Belief overview

Rejection of the Nicene Trinity

The classical trinitarian doctrine is seen as a non-obligatory, late, or incorrect formulation.

43%
Confidence
2
Supportive
2
Contrary
0
Neutral

What it is: The belief rejects the formulation of one God in three consubstantial persons, as expressed in Nicene and post-Nicene language.

How the tradition understands it: Many unitarians regard the Trinity as a result of dogmatic development after the apostolic period. In their reading, terms such as consubstantiality and trinitarian personhood would not be required by the biblical text.

Textual basis or tradition: In addition to an appeal to strict biblical language, historical arguments about the conciliar development of the doctrine are used.

Historical context: This rejection marked Socinians, Transylvanian unitarians, and other modern antitrinitarian currents.

Common objections: Trinitarian traditions argue that the conciliar formulation protects the broader meaning of the apostolic faith.

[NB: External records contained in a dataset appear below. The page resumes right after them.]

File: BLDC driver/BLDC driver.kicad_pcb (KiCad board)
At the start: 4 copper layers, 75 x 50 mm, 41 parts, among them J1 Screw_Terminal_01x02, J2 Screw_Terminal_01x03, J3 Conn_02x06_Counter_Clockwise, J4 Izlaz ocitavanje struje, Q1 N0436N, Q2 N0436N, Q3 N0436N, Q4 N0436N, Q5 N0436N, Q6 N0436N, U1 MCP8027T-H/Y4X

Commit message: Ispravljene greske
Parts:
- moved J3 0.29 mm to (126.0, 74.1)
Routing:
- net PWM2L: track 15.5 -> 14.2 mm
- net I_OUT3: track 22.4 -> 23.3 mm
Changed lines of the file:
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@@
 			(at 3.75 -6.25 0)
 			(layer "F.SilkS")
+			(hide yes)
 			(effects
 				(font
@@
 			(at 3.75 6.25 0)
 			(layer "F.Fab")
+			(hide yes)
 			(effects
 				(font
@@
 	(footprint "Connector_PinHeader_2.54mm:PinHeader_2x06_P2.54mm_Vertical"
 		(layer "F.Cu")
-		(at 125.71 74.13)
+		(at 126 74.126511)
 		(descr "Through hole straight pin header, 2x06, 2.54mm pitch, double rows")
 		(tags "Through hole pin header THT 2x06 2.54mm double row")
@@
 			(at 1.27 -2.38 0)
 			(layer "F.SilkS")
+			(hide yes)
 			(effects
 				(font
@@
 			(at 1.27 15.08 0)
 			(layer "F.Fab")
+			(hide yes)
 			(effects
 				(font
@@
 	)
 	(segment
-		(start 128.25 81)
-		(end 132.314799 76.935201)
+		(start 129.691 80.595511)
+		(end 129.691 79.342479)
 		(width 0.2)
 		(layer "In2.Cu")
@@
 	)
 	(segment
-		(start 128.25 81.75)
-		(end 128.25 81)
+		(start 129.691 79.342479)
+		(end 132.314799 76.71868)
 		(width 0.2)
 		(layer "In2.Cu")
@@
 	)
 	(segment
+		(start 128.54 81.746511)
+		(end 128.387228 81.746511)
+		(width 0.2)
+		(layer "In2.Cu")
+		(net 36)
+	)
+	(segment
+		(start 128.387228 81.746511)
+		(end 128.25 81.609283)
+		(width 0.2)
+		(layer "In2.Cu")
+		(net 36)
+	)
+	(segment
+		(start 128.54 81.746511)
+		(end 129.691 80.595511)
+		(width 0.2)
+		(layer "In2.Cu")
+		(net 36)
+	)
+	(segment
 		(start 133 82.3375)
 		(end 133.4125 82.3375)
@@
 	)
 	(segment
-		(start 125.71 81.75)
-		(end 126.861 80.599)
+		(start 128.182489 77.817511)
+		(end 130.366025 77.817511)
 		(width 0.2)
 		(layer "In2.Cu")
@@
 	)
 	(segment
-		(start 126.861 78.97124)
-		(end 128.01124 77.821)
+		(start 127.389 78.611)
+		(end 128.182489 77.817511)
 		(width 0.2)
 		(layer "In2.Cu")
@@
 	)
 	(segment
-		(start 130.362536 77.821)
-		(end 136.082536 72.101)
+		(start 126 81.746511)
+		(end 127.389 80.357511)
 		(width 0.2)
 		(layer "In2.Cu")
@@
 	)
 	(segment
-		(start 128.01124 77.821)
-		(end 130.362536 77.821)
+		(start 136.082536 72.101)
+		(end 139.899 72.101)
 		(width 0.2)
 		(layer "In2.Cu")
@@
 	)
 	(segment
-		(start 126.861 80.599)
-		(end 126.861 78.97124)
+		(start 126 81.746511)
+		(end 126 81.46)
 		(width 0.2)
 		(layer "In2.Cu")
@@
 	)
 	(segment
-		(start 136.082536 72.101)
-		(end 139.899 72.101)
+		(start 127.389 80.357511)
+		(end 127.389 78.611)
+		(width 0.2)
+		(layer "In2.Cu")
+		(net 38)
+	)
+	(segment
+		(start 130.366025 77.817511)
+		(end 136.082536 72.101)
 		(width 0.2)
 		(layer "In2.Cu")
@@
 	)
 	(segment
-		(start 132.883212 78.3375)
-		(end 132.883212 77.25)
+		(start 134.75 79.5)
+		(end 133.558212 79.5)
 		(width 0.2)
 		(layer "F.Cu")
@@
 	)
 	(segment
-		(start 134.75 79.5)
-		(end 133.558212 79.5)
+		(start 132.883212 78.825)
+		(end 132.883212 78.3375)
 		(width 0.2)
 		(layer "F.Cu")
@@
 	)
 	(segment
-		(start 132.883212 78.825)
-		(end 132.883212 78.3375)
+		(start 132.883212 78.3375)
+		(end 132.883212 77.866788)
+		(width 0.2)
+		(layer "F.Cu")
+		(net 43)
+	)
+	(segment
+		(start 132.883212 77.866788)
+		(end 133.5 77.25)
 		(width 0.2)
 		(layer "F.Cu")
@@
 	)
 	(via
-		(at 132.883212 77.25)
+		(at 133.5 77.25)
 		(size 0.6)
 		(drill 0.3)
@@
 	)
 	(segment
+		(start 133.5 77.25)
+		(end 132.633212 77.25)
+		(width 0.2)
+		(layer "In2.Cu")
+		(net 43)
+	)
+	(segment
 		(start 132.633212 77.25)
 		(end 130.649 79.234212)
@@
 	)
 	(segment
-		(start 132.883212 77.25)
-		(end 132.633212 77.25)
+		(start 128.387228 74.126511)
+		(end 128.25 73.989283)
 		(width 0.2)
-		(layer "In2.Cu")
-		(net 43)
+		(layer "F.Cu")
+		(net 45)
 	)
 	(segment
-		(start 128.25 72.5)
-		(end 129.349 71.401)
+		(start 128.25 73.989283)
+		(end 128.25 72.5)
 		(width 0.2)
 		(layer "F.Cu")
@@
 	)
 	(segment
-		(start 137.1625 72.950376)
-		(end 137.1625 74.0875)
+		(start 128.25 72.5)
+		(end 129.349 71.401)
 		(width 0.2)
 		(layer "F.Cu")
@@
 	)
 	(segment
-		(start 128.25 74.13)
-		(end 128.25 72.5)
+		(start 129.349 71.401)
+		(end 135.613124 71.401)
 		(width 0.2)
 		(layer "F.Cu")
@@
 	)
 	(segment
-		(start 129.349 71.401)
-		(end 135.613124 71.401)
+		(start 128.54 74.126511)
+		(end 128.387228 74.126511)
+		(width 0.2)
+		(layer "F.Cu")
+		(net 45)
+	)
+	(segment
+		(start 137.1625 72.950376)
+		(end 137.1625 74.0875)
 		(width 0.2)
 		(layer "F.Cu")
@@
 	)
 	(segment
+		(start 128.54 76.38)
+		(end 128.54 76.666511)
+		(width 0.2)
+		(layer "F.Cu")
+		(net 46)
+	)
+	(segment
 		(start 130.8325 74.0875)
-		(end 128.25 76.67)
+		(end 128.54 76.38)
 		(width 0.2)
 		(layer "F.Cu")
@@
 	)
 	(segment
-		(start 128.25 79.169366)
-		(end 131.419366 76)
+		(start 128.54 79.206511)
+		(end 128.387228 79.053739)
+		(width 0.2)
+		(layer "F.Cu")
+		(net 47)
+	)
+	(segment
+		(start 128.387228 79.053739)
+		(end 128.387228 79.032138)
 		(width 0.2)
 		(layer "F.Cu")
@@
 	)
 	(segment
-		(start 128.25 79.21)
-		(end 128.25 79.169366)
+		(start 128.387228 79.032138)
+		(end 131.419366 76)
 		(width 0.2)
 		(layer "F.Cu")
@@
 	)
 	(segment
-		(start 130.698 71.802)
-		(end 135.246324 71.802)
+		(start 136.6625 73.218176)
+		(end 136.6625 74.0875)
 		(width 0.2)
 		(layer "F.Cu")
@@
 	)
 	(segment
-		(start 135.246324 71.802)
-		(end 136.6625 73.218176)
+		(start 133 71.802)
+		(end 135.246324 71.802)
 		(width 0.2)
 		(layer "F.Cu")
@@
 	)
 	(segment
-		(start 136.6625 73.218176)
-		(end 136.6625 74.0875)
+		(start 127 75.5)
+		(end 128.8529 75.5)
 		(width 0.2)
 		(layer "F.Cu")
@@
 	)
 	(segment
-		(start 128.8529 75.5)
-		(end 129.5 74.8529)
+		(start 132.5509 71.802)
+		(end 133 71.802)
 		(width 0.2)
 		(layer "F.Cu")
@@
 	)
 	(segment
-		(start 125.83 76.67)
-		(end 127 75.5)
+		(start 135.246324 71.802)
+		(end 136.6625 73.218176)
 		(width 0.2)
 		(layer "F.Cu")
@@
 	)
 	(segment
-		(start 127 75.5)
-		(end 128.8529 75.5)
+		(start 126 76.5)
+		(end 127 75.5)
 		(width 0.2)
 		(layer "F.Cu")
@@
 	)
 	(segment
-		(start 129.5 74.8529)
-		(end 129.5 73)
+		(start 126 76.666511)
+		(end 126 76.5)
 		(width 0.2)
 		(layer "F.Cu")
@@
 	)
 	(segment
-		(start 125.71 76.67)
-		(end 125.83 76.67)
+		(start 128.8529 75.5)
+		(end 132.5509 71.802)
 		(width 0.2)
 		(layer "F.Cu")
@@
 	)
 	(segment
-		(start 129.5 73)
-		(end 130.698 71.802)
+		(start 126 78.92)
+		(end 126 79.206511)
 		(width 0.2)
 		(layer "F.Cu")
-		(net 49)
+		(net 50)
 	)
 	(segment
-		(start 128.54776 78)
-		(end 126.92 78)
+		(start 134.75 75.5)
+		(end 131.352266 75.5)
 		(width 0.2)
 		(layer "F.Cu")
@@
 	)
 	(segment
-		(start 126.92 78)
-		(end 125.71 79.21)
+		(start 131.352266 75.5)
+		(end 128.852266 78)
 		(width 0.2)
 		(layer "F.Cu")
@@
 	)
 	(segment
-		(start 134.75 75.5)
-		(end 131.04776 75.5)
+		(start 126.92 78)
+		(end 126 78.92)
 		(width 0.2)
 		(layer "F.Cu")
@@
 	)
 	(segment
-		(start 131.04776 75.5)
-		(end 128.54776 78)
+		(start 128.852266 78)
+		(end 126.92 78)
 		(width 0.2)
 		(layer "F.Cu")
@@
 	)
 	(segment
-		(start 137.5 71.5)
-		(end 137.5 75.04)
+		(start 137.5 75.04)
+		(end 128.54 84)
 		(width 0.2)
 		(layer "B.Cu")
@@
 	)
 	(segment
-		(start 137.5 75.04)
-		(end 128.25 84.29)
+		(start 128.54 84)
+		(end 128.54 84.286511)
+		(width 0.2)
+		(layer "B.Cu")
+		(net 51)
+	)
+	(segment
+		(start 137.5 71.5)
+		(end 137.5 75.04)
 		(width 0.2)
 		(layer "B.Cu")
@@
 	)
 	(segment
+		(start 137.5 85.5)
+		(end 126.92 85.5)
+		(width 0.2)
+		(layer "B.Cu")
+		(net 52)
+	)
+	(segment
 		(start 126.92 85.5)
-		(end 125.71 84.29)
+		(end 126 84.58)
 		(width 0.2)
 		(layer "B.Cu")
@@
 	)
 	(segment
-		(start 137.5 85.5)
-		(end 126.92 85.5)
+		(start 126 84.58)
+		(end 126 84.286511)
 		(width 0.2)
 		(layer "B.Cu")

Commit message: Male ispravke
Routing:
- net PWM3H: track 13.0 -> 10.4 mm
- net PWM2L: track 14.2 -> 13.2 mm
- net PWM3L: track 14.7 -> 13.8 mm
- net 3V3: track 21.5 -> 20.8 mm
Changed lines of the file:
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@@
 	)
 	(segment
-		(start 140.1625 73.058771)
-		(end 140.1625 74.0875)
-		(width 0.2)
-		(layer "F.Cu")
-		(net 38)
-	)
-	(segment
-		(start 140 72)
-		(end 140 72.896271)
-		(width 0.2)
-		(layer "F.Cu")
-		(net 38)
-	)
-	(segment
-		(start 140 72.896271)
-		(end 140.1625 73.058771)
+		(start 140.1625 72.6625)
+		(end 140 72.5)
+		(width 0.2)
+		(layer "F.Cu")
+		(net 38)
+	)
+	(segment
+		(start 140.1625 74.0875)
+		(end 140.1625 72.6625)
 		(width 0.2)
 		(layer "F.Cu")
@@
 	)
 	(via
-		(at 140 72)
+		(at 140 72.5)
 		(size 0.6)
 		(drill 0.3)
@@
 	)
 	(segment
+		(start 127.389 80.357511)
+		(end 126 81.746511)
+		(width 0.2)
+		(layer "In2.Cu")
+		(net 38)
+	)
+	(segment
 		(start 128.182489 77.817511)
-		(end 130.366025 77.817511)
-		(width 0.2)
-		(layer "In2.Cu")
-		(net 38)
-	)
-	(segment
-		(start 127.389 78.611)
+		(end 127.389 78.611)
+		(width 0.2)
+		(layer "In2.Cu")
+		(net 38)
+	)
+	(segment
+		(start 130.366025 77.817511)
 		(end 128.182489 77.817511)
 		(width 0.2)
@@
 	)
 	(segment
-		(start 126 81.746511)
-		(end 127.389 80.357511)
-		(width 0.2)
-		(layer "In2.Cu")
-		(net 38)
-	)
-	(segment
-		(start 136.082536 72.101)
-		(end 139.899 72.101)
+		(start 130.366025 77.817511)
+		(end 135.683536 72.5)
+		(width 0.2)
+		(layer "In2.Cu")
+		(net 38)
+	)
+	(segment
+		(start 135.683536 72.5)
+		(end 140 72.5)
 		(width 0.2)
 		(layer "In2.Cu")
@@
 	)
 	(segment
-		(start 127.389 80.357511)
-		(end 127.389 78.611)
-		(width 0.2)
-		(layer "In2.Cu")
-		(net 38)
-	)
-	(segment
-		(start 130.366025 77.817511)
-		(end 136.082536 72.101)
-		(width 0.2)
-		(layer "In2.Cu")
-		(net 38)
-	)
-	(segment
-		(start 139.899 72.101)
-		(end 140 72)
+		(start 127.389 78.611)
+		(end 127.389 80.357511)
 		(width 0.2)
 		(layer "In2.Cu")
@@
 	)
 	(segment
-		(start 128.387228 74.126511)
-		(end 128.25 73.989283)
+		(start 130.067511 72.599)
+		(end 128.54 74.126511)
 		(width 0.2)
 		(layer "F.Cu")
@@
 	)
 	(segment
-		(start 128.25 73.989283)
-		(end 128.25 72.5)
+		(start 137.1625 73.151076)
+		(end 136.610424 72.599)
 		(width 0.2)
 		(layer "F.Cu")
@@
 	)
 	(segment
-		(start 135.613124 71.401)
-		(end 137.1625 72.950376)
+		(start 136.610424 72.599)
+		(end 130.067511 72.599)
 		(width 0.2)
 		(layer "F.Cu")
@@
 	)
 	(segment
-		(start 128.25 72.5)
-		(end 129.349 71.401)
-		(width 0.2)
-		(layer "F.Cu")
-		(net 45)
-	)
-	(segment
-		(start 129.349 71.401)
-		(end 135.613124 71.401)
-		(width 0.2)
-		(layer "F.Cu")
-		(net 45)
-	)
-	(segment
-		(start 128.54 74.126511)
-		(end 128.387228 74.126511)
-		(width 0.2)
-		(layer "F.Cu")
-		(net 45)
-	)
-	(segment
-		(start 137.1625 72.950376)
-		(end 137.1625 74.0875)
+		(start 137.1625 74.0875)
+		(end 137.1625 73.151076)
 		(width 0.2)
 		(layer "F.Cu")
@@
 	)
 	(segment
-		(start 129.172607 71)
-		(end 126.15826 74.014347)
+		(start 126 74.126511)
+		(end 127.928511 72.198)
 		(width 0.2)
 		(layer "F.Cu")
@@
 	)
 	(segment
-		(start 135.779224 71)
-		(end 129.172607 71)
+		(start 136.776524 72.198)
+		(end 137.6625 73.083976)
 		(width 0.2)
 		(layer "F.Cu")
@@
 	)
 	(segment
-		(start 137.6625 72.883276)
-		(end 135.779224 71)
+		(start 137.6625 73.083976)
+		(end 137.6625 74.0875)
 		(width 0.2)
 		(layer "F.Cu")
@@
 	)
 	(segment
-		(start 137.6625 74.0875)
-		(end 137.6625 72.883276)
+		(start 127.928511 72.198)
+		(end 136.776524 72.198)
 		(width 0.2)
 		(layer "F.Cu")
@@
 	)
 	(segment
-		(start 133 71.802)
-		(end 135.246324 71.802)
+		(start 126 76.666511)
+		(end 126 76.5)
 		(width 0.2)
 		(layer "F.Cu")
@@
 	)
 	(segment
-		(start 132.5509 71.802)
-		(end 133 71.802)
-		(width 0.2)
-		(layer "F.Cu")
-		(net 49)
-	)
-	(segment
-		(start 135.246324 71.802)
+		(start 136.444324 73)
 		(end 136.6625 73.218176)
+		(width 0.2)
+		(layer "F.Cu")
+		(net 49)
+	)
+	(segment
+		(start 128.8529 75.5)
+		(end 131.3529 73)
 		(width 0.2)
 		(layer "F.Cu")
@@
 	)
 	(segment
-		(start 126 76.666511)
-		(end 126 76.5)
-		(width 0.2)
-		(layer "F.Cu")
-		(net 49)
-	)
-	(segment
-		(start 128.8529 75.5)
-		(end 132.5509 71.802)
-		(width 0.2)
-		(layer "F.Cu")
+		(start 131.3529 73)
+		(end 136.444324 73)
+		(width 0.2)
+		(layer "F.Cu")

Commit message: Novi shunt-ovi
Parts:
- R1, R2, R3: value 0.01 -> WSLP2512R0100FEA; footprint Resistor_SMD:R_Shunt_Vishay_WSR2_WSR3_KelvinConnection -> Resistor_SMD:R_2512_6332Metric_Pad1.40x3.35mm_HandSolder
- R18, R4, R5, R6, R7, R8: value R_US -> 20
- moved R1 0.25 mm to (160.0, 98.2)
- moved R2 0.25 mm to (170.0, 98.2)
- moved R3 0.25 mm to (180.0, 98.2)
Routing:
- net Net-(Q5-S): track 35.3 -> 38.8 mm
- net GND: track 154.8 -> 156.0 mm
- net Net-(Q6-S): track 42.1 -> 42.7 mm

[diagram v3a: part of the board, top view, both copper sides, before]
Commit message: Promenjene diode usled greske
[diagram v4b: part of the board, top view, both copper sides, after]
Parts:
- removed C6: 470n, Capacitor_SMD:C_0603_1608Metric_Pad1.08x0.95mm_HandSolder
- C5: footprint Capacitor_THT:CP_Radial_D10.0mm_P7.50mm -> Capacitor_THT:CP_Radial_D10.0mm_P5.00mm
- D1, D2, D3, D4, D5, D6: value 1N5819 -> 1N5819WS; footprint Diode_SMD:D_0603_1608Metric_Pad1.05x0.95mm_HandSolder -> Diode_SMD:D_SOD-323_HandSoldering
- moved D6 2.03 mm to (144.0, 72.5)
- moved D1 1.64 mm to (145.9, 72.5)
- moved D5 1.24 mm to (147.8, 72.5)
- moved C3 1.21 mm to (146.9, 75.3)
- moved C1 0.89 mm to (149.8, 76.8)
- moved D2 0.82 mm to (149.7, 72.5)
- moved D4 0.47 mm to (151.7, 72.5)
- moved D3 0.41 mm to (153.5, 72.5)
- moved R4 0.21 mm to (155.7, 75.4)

Internal variations: Some reject all trinitarian language; others admit certain devotional formulas but deny their classical ontological meaning.

Supportive

John Biddle, Twelve Arguments

unitarianism,john-biddle,trinity,history

Classic English text against the Trinity.

Reference: John Biddle, Twelve Arguments.

Content: The work gathers anti-Trinitarian biblical arguments in the seventeenth-century English context.

Use in debate: It is an important source for early English Unitarianism.

Racovian Catechism

unitarianism,socinianism,racovian-catechism,history

Classic summary of Socinianism and Polish Unitarianism.

Reference: Racovian Catechism, early seventeenth century.

Content: The text presents anti-Trinitarian doctrine, non-Nicene Christology, and biblical and rational arguments associated with Socinianism.

Use in debate: It is one of the most important historical sources for classical Unitarianism.

Contrary

2 Corinthians 13:13

bible,trinity,paul,controversy,unitarianism

Pauline triadic blessing.

Reference: 2 Corinthians 13:13.

Content: Paul mentions the grace of Christ, the love of God, and the fellowship of the Holy Spirit.

Use in debate: It is used by Trinitarians as evidence of triadic language; Unitarians interpret it without requiring three coequal persons.

Matthew 28:19

bible,trinity,controversy,unitarianism

Classic text used by Trinitarians in debate with Unitarians.

Reference: Matthew 28:19.

Content: The text mentions the Father, the Son, and the Holy Spirit in the baptismal formula.

Use in debate: It is one of the passages most often used against Unitarianism; Unitarians respond that the formula does not by itself define Trinitarian ontology.